▸ **Work instruction**
Your answer is a copy of every line in the records where "radius" appears.

▸ **Exercise data**
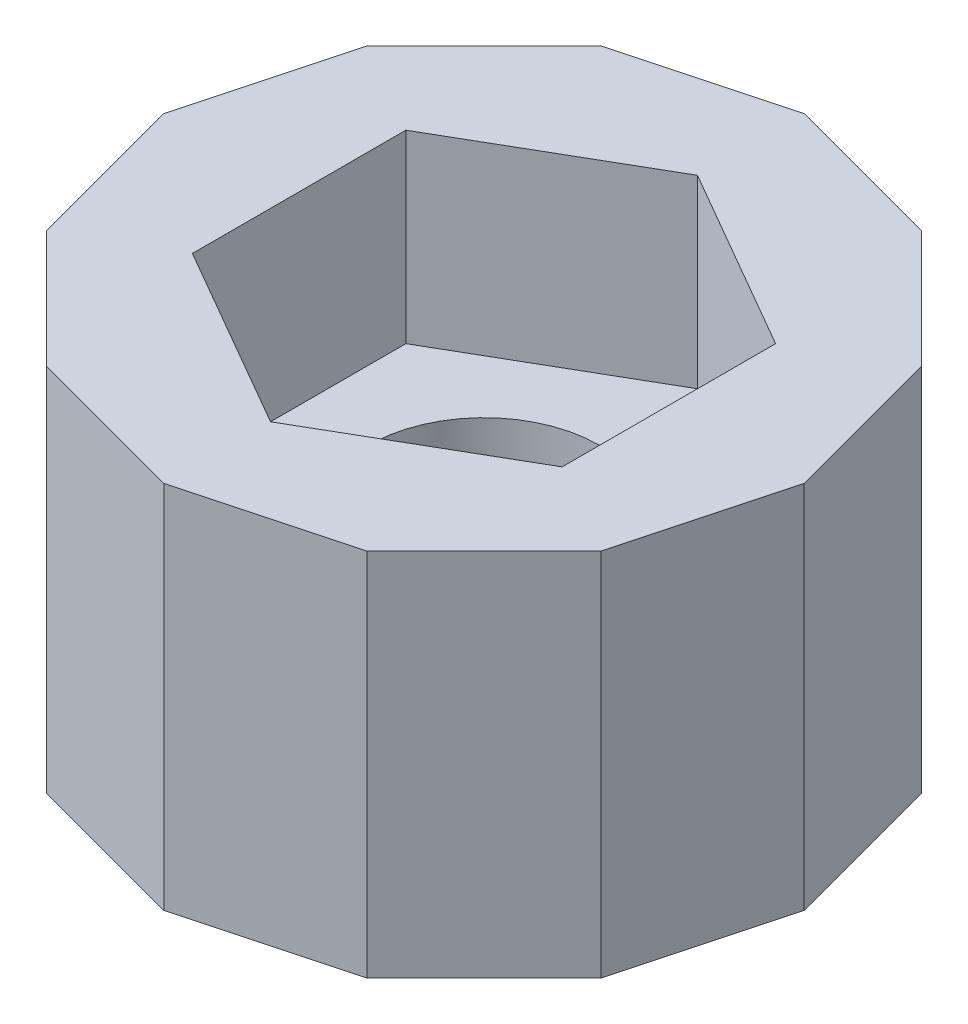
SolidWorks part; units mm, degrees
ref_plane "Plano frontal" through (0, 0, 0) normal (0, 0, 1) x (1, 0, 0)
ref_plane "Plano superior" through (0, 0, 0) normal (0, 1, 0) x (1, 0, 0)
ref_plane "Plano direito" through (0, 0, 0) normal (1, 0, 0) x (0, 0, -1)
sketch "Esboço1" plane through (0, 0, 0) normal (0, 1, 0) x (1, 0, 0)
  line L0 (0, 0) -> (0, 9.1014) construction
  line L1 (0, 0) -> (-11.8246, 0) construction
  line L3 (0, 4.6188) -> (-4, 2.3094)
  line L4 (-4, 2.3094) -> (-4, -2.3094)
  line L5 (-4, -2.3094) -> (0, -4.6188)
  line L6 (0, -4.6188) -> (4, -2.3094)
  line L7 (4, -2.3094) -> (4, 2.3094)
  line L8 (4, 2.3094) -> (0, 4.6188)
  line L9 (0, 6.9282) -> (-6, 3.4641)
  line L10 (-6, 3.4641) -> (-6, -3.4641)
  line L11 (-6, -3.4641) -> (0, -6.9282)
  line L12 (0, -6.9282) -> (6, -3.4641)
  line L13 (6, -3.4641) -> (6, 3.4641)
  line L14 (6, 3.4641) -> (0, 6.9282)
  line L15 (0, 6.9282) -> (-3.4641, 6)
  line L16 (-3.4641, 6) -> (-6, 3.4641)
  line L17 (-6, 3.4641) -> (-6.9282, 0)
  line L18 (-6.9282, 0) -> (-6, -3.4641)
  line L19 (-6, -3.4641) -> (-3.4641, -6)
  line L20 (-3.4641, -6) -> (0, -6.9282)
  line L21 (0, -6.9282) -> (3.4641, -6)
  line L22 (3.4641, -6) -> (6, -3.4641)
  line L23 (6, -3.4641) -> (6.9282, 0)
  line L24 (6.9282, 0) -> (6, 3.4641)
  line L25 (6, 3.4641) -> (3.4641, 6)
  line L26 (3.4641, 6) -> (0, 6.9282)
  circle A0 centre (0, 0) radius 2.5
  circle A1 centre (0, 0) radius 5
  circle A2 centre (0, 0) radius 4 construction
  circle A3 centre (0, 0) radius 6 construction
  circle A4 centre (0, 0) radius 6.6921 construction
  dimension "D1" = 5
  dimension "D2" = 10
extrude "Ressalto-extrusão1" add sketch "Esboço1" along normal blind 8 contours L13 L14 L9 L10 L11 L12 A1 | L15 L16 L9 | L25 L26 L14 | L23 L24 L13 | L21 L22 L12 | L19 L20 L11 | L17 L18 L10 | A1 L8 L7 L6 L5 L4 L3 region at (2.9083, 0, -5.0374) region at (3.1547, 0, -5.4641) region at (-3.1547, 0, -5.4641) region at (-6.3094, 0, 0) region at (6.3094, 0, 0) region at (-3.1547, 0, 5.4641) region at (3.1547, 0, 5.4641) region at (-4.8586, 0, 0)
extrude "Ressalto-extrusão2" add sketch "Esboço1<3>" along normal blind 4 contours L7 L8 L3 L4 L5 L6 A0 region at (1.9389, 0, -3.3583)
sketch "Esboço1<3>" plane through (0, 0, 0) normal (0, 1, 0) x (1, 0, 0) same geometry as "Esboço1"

▸ **Response for this exercise**
  circle A0 centre (0, 0) radius 2.5
  circle A1 centre (0, 0) radius 5
  circle A2 centre (0, 0) radius 4 construction
  circle A3 centre (0, 0) radius 6 construction
  circle A4 centre (0, 0) radius 6.6921 construction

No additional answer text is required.